(SUPPLIED DATA begins)

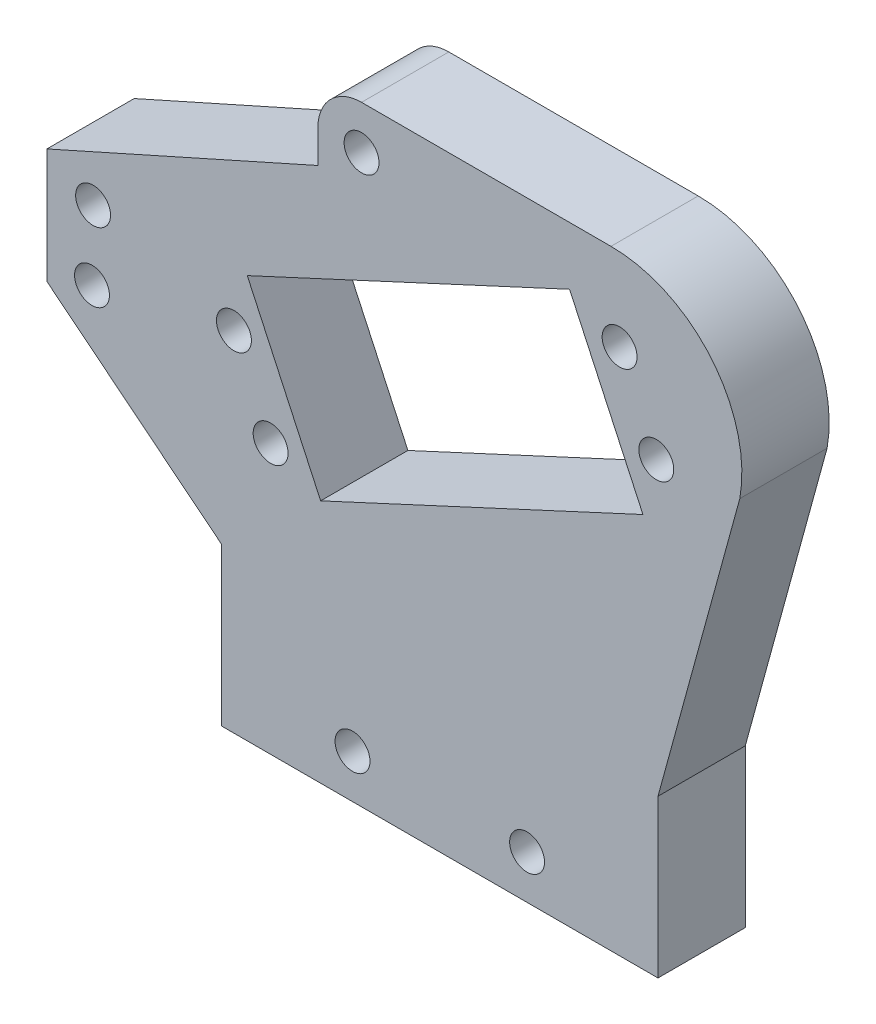
from build123d import *

# Parameters (mm, degrees)
SCHIZZO1_R                   = 2.5
SCHIZZO1_R_2                 = 2
ESTRUSIONE_ESTRUSIONE1_DEPTH = 10
TAGLIO_ESTRUSIONE1_DEPTH     = 76.013178039
SCHIZZO3_R                   = 2
TAGLIO_ESTRUSIONE2_DEPTH     = 76.013178039


with BuildPart() as part:
    # Schizzo1 → Estrusione-Estrusione1 (new body)
    with BuildSketch(Plane.XY):
        with BuildLine():
            Line((15, -50), (-35, -50))
            Line((-35, -50), (-35, -31.964890017))
            Line((-35, -31.964890017), (-55.017968697, -15.891116751))
            Line((-55.017968697, -15.891116751), (-55.017968697, -2.739847716))
            Line((-55.017968697, -2.739847716), (-23.966361252, 11.142047377))
            Line((-23.966361252, 11.142047377), (-23.966361252, 14.909560068))
            ThreePointArc((-23.966361252, 14.909560068), (-22.501895158, 18.445093974), (-18.966361252, 19.909560068))
            Line((-18.966361252, 19.909560068), (9.612052016, 19.909560068))
            ThreePointArc((9.612052016, 19.909560068), (21.117133083, 14.534169651), (24.376307149, 2.260641352))
            Line((24.376307149, 2.260641352), (15, -31.964890017))
            Line((15, -31.964890017), (15, -50))
        make_face()
        Circle(SCHIZZO1_R, mode=Mode.SUBTRACT)
        with Locations((-20, -45)):
            Circle(SCHIZZO1_R_2, mode=Mode.SUBTRACT)
        with Locations((0, -45)):
            Circle(SCHIZZO1_R_2, mode=Mode.SUBTRACT)
        with Locations((-49.725907234, -5.689936133)):
            Circle(SCHIZZO1_R_2, mode=Mode.SUBTRACT)
        with Locations((-49.850768961, -13.68896167)):
            Circle(SCHIZZO1_R_2, mode=Mode.SUBTRACT)
        with Locations((-18.966361252, 14.909560068)):
            Circle(SCHIZZO1_R_2, mode=Mode.SUBTRACT)
    extrude(amount=ESTRUSIONE_ESTRUSIONE1_DEPTH)

    # Schizzo2 → Taglio-Estrusione1 (cut, through all)
    with BuildSketch(Plane.XY.offset(10)):
        with BuildLine():
            Line((-27.856099407, -12.90456221), (-2.268412004, -1.050860115))
            ThreePointArc((-2.268412004, -1.050860115), (-1.050860115, 2.268412004), (2.268412004, 1.050860115))
            Line((2.268412004, 1.050860115), (9.073648015, 4.203440459))
            Line((9.073648015, 4.203440459), (4.870207556, 13.277088475))
            Line((4.870207556, 13.277088475), (-32.059539866, -3.830914194))
            Line((-32.059539866, -3.830914194), (-27.856099407, -12.90456221))
        make_face()
        with BuildLine():
            ThreePointArc((2.5, 0), (0.538038098, -2.441416598), (-2.268412004, -1.050860115))
            Line((-2.268412004, -1.050860115), (-27.856099407, -12.90456221))
            Line((-27.856099407, -12.90456221), (-23.652658948, -21.978210225))
            Line((-23.652658948, -21.978210225), (13.277088475, -4.870207556))
            Line((13.277088475, -4.870207556), (9.073648015, 4.203440459))
            Line((9.073648015, 4.203440459), (2.268412004, 1.050860115))
            ThreePointArc((2.268412004, 1.050860115), (2.441416598, 0.538038098), (2.5, 0))
        make_face()
    extrude(amount=-TAGLIO_ESTRUSIONE1_DEPTH, mode=Mode.SUBTRACT)

    # Schizzo3 → Taglio-Estrusione2 (cut, through all)
    with BuildSketch(Plane.XY.offset(10)):
        with Locations((10.601386992, 10.421640651)):
            Circle(SCHIZZO3_R)
        with Locations((14.804827451, 1.347992635)):
            Circle(SCHIZZO3_R)
        with Locations((-29.383838384, -19.122762401)):
            Circle(SCHIZZO3_R)
        with Locations((-33.587278843, -10.049114386)):
            Circle(SCHIZZO3_R)
    extrude(amount=-TAGLIO_ESTRUSIONE2_DEPTH, mode=Mode.SUBTRACT)


solid = part.part

(SUPPLIED DATA ends)

WHAT TO WORK ON —
Set down all of the entries exactly as they stand, without any image.

EXERCISE OUTPUT —
from build123d import *

# Parameters (mm, degrees)
SCHIZZO1_R                   = 2.5
SCHIZZO1_R_2                 = 2
ESTRUSIONE_ESTRUSIONE1_DEPTH = 10
TAGLIO_ESTRUSIONE1_DEPTH     = 76.013178039
SCHIZZO3_R                   = 2
TAGLIO_ESTRUSIONE2_DEPTH     = 76.013178039


with BuildPart() as part:
    # Schizzo1 → Estrusione-Estrusione1 (new body)
    with BuildSketch(Plane.XY):
        with BuildLine():
            Line((15, -50), (-35, -50))
            Line((-35, -50), (-35, -31.964890017))
            Line((-35, -31.964890017), (-55.017968697, -15.891116751))
            Line((-55.017968697, -15.891116751), (-55.017968697, -2.739847716))
            Line((-55.017968697, -2.739847716), (-23.966361252, 11.142047377))
            Line((-23.966361252, 11.142047377), (-23.966361252, 14.909560068))
            ThreePointArc((-23.966361252, 14.909560068), (-22.501895158, 18.445093974), (-18.966361252, 19.909560068))
            Line((-18.966361252, 19.909560068), (9.612052016, 19.909560068))
            ThreePointArc((9.612052016, 19.909560068), (21.117133083, 14.534169651), (24.376307149, 2.260641352))
            Line((24.376307149, 2.260641352), (15, -31.964890017))
            Line((15, -31.964890017), (15, -50))
        make_face()
        Circle(SCHIZZO1_R, mode=Mode.SUBTRACT)
        with Locations((-20, -45)):
            Circle(SCHIZZO1_R_2, mode=Mode.SUBTRACT)
        with Locations((0, -45)):
            Circle(SCHIZZO1_R_2, mode=Mode.SUBTRACT)
        with Locations((-49.725907234, -5.689936133)):
            Circle(SCHIZZO1_R_2, mode=Mode.SUBTRACT)
        with Locations((-49.850768961, -13.68896167)):
            Circle(SCHIZZO1_R_2, mode=Mode.SUBTRACT)
        with Locations((-18.966361252, 14.909560068)):
            Circle(SCHIZZO1_R_2, mode=Mode.SUBTRACT)
    extrude(amount=ESTRUSIONE_ESTRUSIONE1_DEPTH)

    # Schizzo2 → Taglio-Estrusione1 (cut, through all)
    with BuildSketch(Plane.XY.offset(10)):
        with BuildLine():
            Line((-27.856099407, -12.90456221), (-2.268412004, -1.050860115))
            ThreePointArc((-2.268412004, -1.050860115), (-1.050860115, 2.268412004), (2.268412004, 1.050860115))
            Line((2.268412004, 1.050860115), (9.073648015, 4.203440459))
            Line((9.073648015, 4.203440459), (4.870207556, 13.277088475))
            Line((4.870207556, 13.277088475), (-32.059539866, -3.830914194))
            Line((-32.059539866, -3.830914194), (-27.856099407, -12.90456221))
        make_face()
        with BuildLine():
            ThreePointArc((2.5, 0), (0.538038098, -2.441416598), (-2.268412004, -1.050860115))
            Line((-2.268412004, -1.050860115), (-27.856099407, -12.90456221))
            Line((-27.856099407, -12.90456221), (-23.652658948, -21.978210225))
            Line((-23.652658948, -21.978210225), (13.277088475, -4.870207556))
            Line((13.277088475, -4.870207556), (9.073648015, 4.203440459))
            Line((9.073648015, 4.203440459), (2.268412004, 1.050860115))
            ThreePointArc((2.268412004, 1.050860115), (2.441416598, 0.538038098), (2.5, 0))
        make_face()
    extrude(amount=-TAGLIO_ESTRUSIONE1_DEPTH, mode=Mode.SUBTRACT)

    # Schizzo3 → Taglio-Estrusione2 (cut, through all)
    with BuildSketch(Plane.XY.offset(10)):
        with Locations((10.601386992, 10.421640651)):
            Circle(SCHIZZO3_R)
        with Locations((14.804827451, 1.347992635)):
            Circle(SCHIZZO3_R)
        with Locations((-29.383838384, -19.122762401)):
            Circle(SCHIZZO3_R)
        with Locations((-33.587278843, -10.049114386)):
            Circle(SCHIZZO3_R)
    extrude(amount=-TAGLIO_ESTRUSIONE2_DEPTH, mode=Mode.SUBTRACT)


solid = part.part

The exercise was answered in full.